# Kitchen as promised



## frank (Feb 6, 2007)

I promised pictures of the switches to my kitchen here at home after the remodeling was finished. Well we are just about finished so here are the pics' with descriptions of what does what here in the UK










Ultra thin - Chrome Finish.

Over worktop reading left to right. Telephone outlet - Data Outlet - Dual switched socket. (twin 13 amp outlets)











Over worktop switches. Top row Mains on indicator - 3 lighting switches.

Bottom row. Mains on indicator - 3 double throw
20 amp switches to control ( Washer - fridge - dish 
washer) I purposely did not get these engraved.










Over worktop switches. From left to right. 50 amp Oven/hob with indicator.
13 amp switched socket outlet.
20 amp switch to remote pump under sink.

So folks. That's how we do it over here. More or less.

Frank


----------



## MDShunk (Jan 7, 2007)

Neat work, Frank. 

I have a question about the one's that are three in a row (oven, receptacle, and pump switch). The three boxes appear to be a slightly different size each, yet they all line up in a straight line along the bottom. Are your boxes made so that if you put the bottoms to the same line when you're doing the rough-in, they'll all trim out evenly in a straight line?


----------



## frank (Feb 6, 2007)

Marc,

The single boxes are the same size. You can be 'out ' a little because the centre fixings have adjustable lugs to accommodate for this. The Hob/Oven switches can be the same size as the sockets but cables can be a tight squeeze. I wanted to use the small type but they are mounted on a single breeze block (clinker) wall so the deeper box needed would have gone straight through.

Any other difference in levels or sizes are just illusions. Sorry but I am only a photo snapper.

Frank


----------



## randomkiller (Sep 28, 2007)

Definetly a nice looking finish.


----------



## YoungSparky (May 21, 2008)

That is sharp! Unfortunately, I haven't been able to mess with too much of the customization end of this profession, but I surely look forward to it. 
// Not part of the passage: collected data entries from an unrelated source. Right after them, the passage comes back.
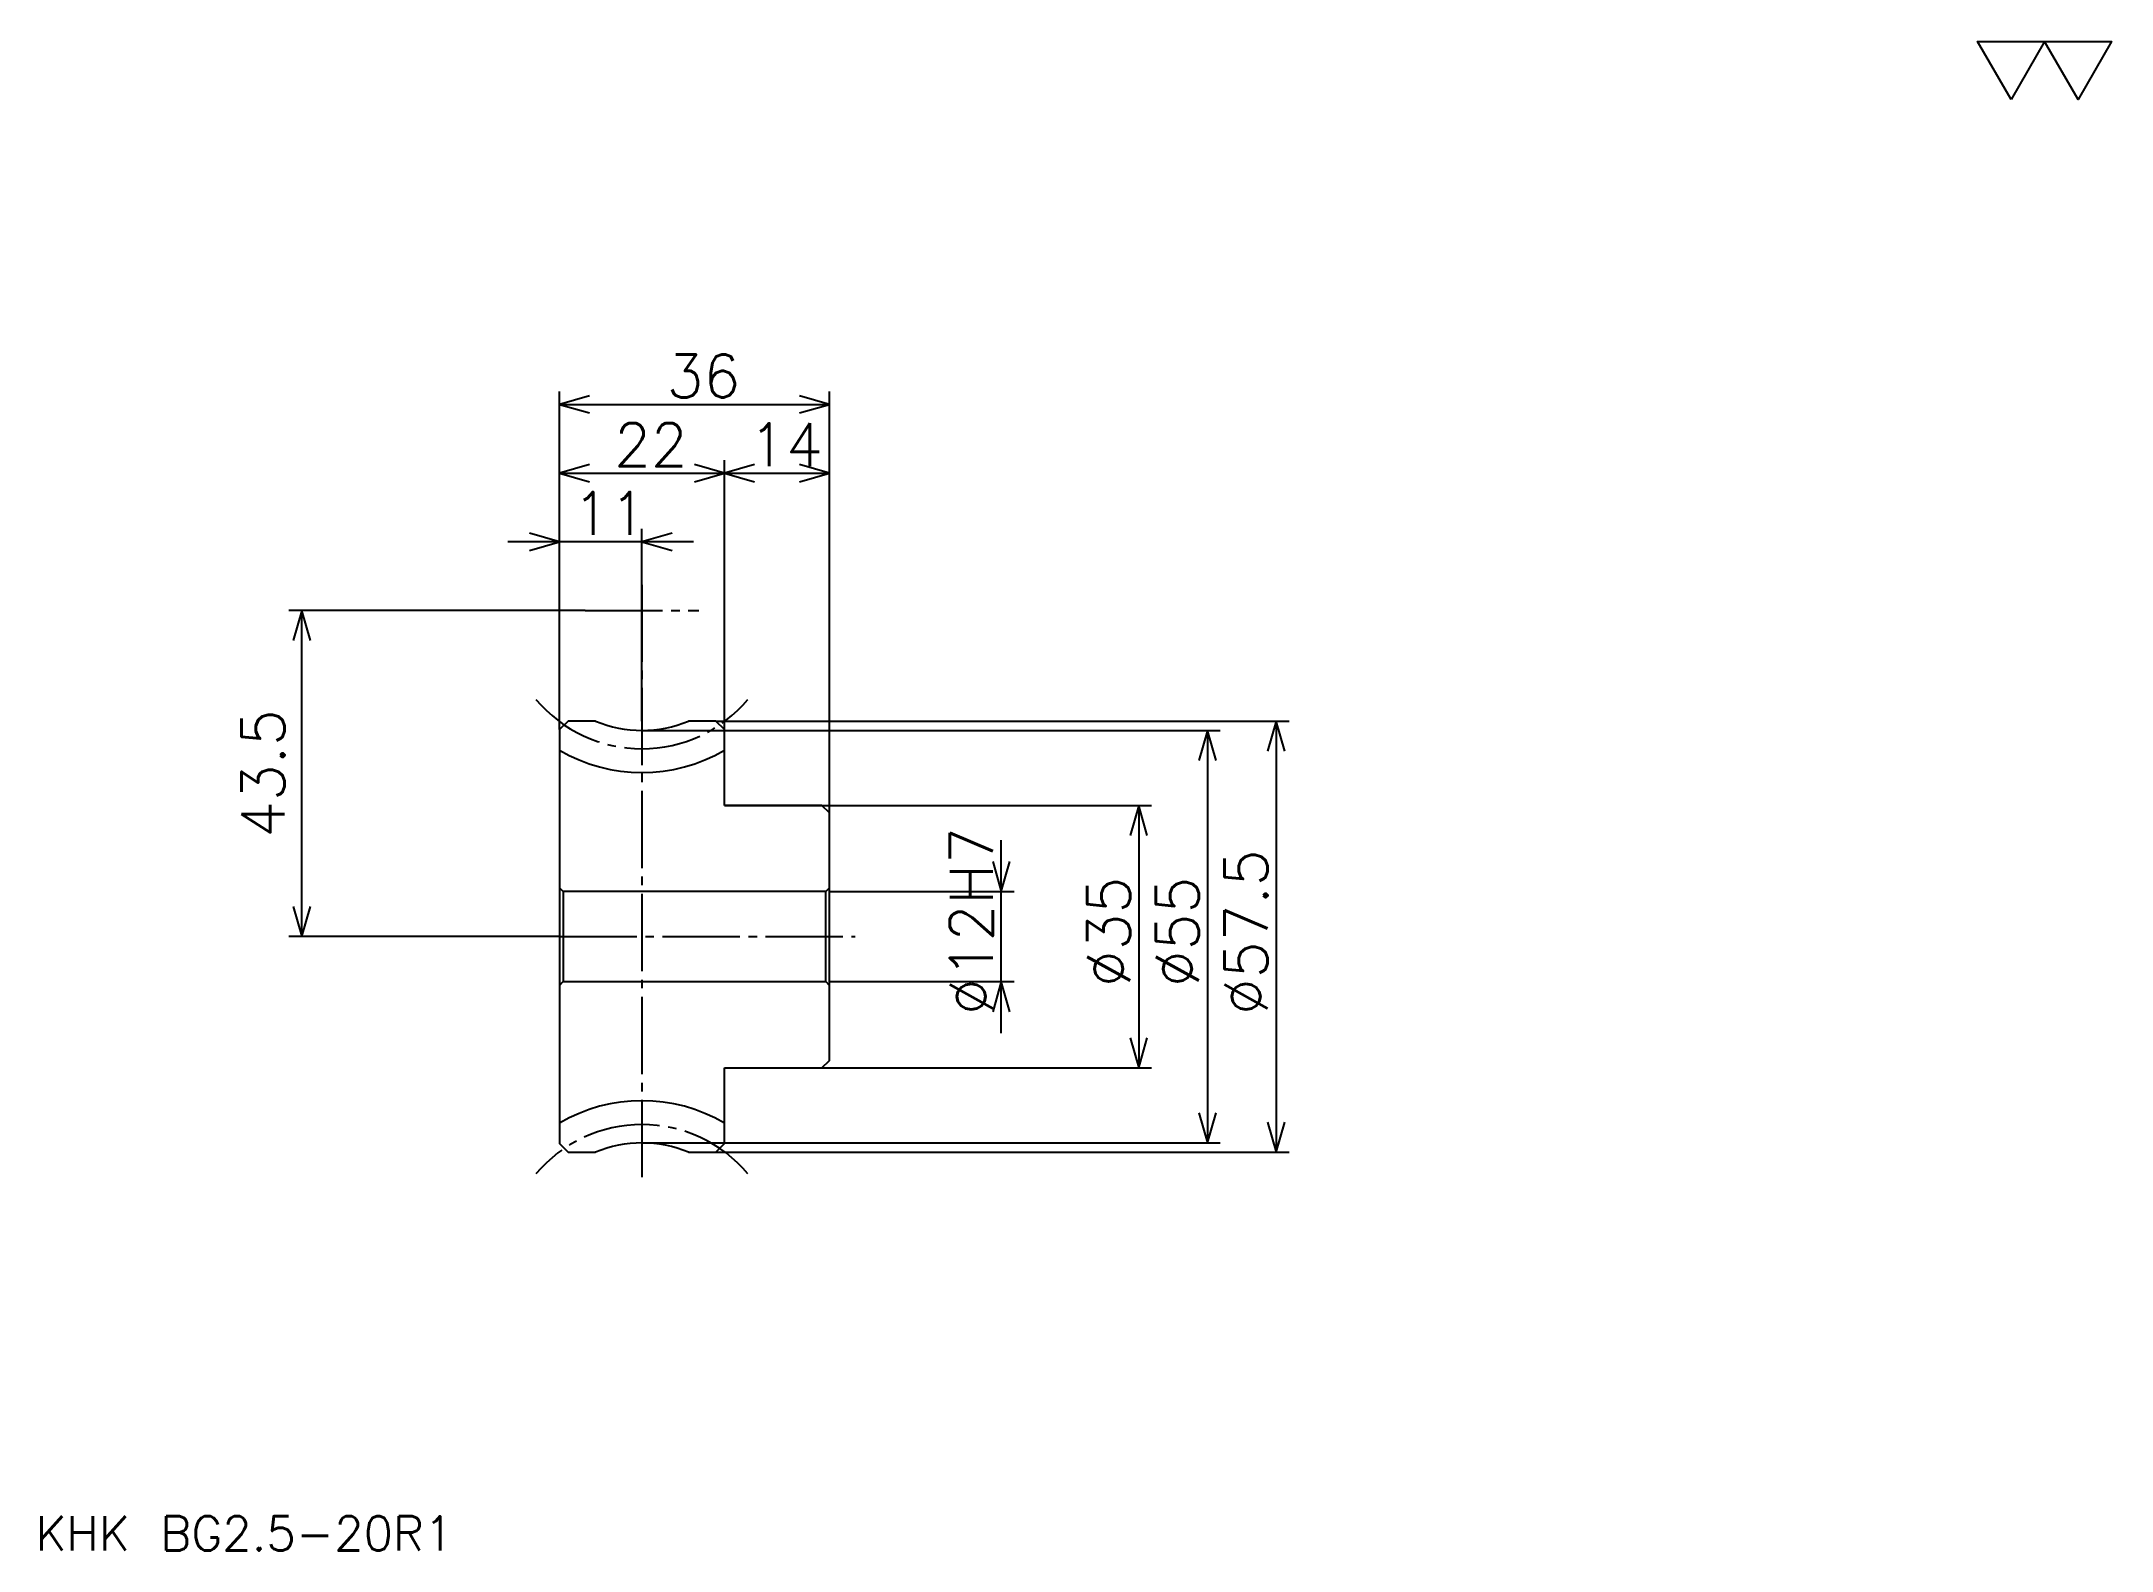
# Model space of a CAD drawing. Extents: x 12 to 288, y 13 to 214.
import ezdxf

# ---------------------------------------------------------------- set-up
doc = ezdxf.new("R2010")
doc.units = 0
doc.linetypes.add('DASHDOT', pattern=[13.741935, 10.306452, -1.145161, 1.145161, -1.145161])
doc.layers.get('0').update_dxf_attribs({"linetype": 'CONTINUOUS'})
doc.layers.add('DASHDOT', color=6, linetype='DASHDOT')
doc.styles.add('KANJI', font='TXT', dxfattribs={"bigfont": 'BIGFONT'})

msp = doc.modelspace()

# ---------------------------------------------------------------- linework, layer by layer
at = {"color": 5}
for p, q in [((81.30645, 123.225815), (81.30645, 167.177429)), ((117.30645, 123.225815), (117.30645, 167.177429)), ((81.30645, 165.459686), (117.30645, 165.459686)), ((103.30645, 123.225815), (103.30645, 158.016144)), ((81.30645, 156.298401), (103.30645, 156.298401)), ((103.30645, 156.298401), (117.30645, 156.298401)), ((99.177414, 147.1371), (74.435486, 147.1371)), ((92.30645, 123.225815), (92.30645, 148.854843)), ((84.741936, 137.975815), (45.233871, 137.975815)), ((46.951611, 94.475815), (46.951611, 137.975815)), ((81.30645, 122.080658), (81.30645, 123.225815)), ((92.30645, 121.975815), (117.30645, 121.975815)), ((102.161285, 123.225815), (117.30645, 123.225815)), ((103.30645, 122.080658), (103.30645, 123.225815)), ((117.30645, 123.225815), (178.572571, 123.225815)), ((117.30645, 110.975815), (117.30645, 123.225815)), ((117.30645, 121.975815), (169.411285, 121.975815)), ((167.693542, 121.975815), (167.693542, 66.975815)), ((176.854828, 123.225815), (176.854828, 65.725815)), ((103.30645, 111.975815), (117.30645, 111.975815)), ((117.30645, 111.975815), (160.25, 111.975815)), ((158.532257, 111.975815), (158.532257, 76.975815)), ((140.209671, 81.604843), (140.209671, 107.346786)), ((117.30645, 100.475815), (141.927414, 100.475815)), ((81.30645, 94.475815), (45.233868, 94.475815)), ((117.30645, 88.475815), (141.927414, 88.475815)), ((103.30645, 76.975815), (117.30645, 76.975815)), ((117.30645, 76.975815), (160.25, 76.975815)), ((92.30645, 66.975815), (117.30645, 66.975815)), ((117.30645, 66.975815), (169.411285, 66.975815)), ((102.161285, 65.725815), (117.30645, 65.725815)), ((117.30645, 65.725815), (178.572571, 65.725815))]:
    msp.add_line(p, q, dxfattribs=at)
at = {"color": 4}
for p, q in [((117.30645, 100.975815), (116.80645, 100.475815)), ((81.30645, 87.975815), (81.80645, 88.475815)), ((117.30645, 87.975815), (116.80645, 88.475815))]:
    msp.add_line(p, q, dxfattribs=at)
at = {"color": 7}
msp.add_lwpolyline([(274.838715, 206.129028), (270.372589, 213.870316), (288.237091, 213.870316), (283.770966, 206.129028), (279.30484, 213.870316), (274.838715, 206.129028)], dxfattribs=at)
at = {"color": 5}
for points in [[(85.314514, 166.604858), (81.30645, 165.459686), (85.314514, 164.314514)], [(113.298386, 164.314514), (117.30645, 165.459686), (113.298386, 166.604858)], [(85.314514, 157.443558), (81.30645, 156.298401), (85.314514, 155.153229)], [(99.298386, 155.153229), (103.30645, 156.298401), (99.298386, 157.443558)], [(107.314514, 157.443558), (103.30645, 156.298401), (107.314514, 155.153229)], [(113.298386, 155.153229), (117.30645, 156.298401), (113.298386, 157.443558)], [(77.298386, 145.991943), (81.30645, 147.1371), (77.298386, 148.282257)], [(96.314514, 148.282257), (92.30645, 147.1371), (96.314514, 145.991943)], [(48.096771, 133.967743), (46.951611, 137.975815), (45.80645, 133.967743)], [(168.838715, 117.967751), (167.693542, 121.975815), (166.548386, 117.967751)], [(178, 119.217751), (176.854828, 123.225815), (175.709671, 119.217751)], [(159.677429, 107.967751), (158.532257, 111.975815), (157.387085, 107.967751)], [(139.064514, 104.483879), (140.209671, 100.475815), (141.354828, 104.483879)], [(45.80645, 98.483879), (46.951611, 94.475815), (48.096771, 98.483879)], [(141.354828, 84.467751), (140.209671, 88.475815), (139.064514, 84.467751)], [(157.387085, 80.983879), (158.532257, 76.975815), (159.677429, 80.983879)], [(166.548386, 70.983879), (167.693542, 66.975815), (168.838715, 70.983879)], [(175.709671, 69.733879), (176.854828, 65.725815), (178, 69.733879)]]:
    msp.add_lwpolyline(points, dxfattribs=at)
at = {"color": 4}
for points in [[(86.106651, 123.225815), (82.451614, 123.225815), (81.30645, 122.080658), (81.30645, 87.975815)], [(103.30645, 111.975815), (103.30645, 122.080658), (102.161285, 123.225815), (98.506248, 123.225815)], [(103.30645, 76.975815), (116.30645, 76.975815), (117.30645, 77.975815), (117.30645, 110.975815), (116.30645, 111.975815), (103.30645, 111.975815)], [(81.30645, 100.975815), (81.80645, 100.475815), (81.80645, 88.475815), (116.80645, 88.475815), (116.80645, 100.475815), (81.80645, 100.475815)], [(81.30645, 87.975815), (81.30645, 66.870972), (82.451614, 65.725815), (86.106651, 65.725815)], [(98.506248, 65.725815), (102.161285, 65.725815), (103.30645, 66.870972), (103.30645, 76.975815)]]:
    msp.add_lwpolyline(points, dxfattribs=at)
for centre, radius, start, end in [((92.30645, 137.975815), 16, 247.20175188, 292.79824812), ((92.30645, 137.975815), 21.625, 239.42468661, 300.57531339), ((92.30645, 50.975815), 21.625, 59.42468661, 120.57531339), ((92.30645, 50.975815), 16, 67.20175188, 112.79824812)]:
    msp.add_arc(centre, radius, start, end, dxfattribs=at)
at = {"layer": 'DASHDOT', "color": 7}
for p, q in [((92.30645, 141.411301), (92.30645, 62.290333)), ((84.741936, 137.975815), (99.870964, 137.975815)), ((81.30645, 94.475815), (120.741928, 94.475815))]:
    msp.add_line(p, q, dxfattribs=at)
for centre, start, end in [((92.30645, 137.975815), 220.00000049, 319.99999951), ((92.30645, 50.975815), 40.00000049, 139.99999951)]:
    msp.add_arc(centre, 18.445, start, end, dxfattribs=at)

# ---------------------------------------------------------------- texts
at = {"color": 7, "style": 'KANJI'}
for s, height, p in [('36', 5.725806, (95.584679, 166.375824)), ('22', 5.725806, (88.584679, 157.214523)), ('14', 5.725806, (106.584671, 157.214523)), ('11', 5.725806, (83.084679, 148.053238)), ('KHK BG2.5-20R1', 4.580645, (11.451612, 12.596774))]:
    msp.add_text(s, height=height, dxfattribs=at).set_placement(p)
for s, p in [('43.5', (44.661289, 107.637108)), ('%%c12H7', (139.064514, 84.026215)), ('%%c57.5', (175.709671, 84.026215)), ('%%c35', (157.387085, 87.747993)), ('%%c55', (166.548386, 87.747993))]:
    msp.add_text(s, height=5.725806, rotation=90, dxfattribs=at).set_placement(p)

doc.saveas('drawing.dxf')

Lol, just to throw this out there, we had a client today request that we use standard toggle switches opposed to Decora. The funny thing is that this house was in a upper class neighborhood where you would assume to use decora. O well. To each his own.:whistling2:


----------



## Ecopat (Apr 17, 2008)

Nice work Frank, very well finished.


----------



## LGLS (Nov 10, 2007)

Acceptable, but chrome went out in the 80's here... brushed nickel, now that's all the rage...


----------



## HighWirey (Sep 17, 2007)

frank said:


> I promised pictures of the switches to my kitchen here at home after the remodeling was finished. Well we are just about finished so here are the pics' with descriptions of what does what here in the UK
> 
> 
> 
> ...


Thank you for the promised pictures. Nice work, and I do like the lighted switches.

Looks like your tile man worked with you also.

Work'in For That Free Tee . . .


----------



## frank (Feb 6, 2007)

High Wirey

Neon indicating switches as they are called are popular here in the UK. You get an at a glance indication of the switch being on or off.

Most electricians list the tiler amongs his nightmares but this one was prettyy good.


----------



## randomkiller (Sep 28, 2007)

Frank, one of the switches says 20 amp remote pump under sink, is that like a macerater pump or something different?


----------



## frank (Feb 6, 2007)

Random.

Yep! It's the Macerator. Called a Waste Disposal unit here.I hate those things. When they need reair it's like putting your hand into a cows backside.

Frank


----------



## randomkiller (Sep 28, 2007)

frank said:


> Random.
> 
> Yep! It's the Macerator. Called a Waste Disposal unit here.I hate those things. When they need reair it's like putting your hand into a cows backside.
> 
> Frank


 
"I'm sorry maam, you need to call a plumber". I would rather not be anywhere near something that reminds me of a cows butt. You guys also have toilets like that in some places if I'm not mistaken?


----------



## sparkie (Apr 2, 2008)

saniflo for toilet horrible


----------



## simmo (Dec 12, 2007)

Very nice work Frank,

It looks similar to our Clipsal range of products,

http://www.clipsal.com.au/trade/pro...witches/reflection_-_expression_without_words


----------



## Jeff000 (Jun 18, 2008)

Wow that looks great. 
I have never seen plugs with a switch built into it like that before. 



simmo said:


> Very nice work Frank,
> 
> It looks similar to our Clipsal range of products,
> 
> http://www.clipsal.com.au/trade/pro...witches/reflection_-_expression_without_words


Some nice stuff on that site, too bad its all AU plugs.


----------



## Wireless (Jan 22, 2007)

Why do you have a switch for the fridge?


----------



## Trimix-leccy (Dec 4, 2007)

Fridge will be built-in/under worktop. Plug and socket will be behind fridge. Disconnect will not be accessible so he put a switch above the worktop to provide isolation....Well that's only my thoughts, but since we are both in UK


----------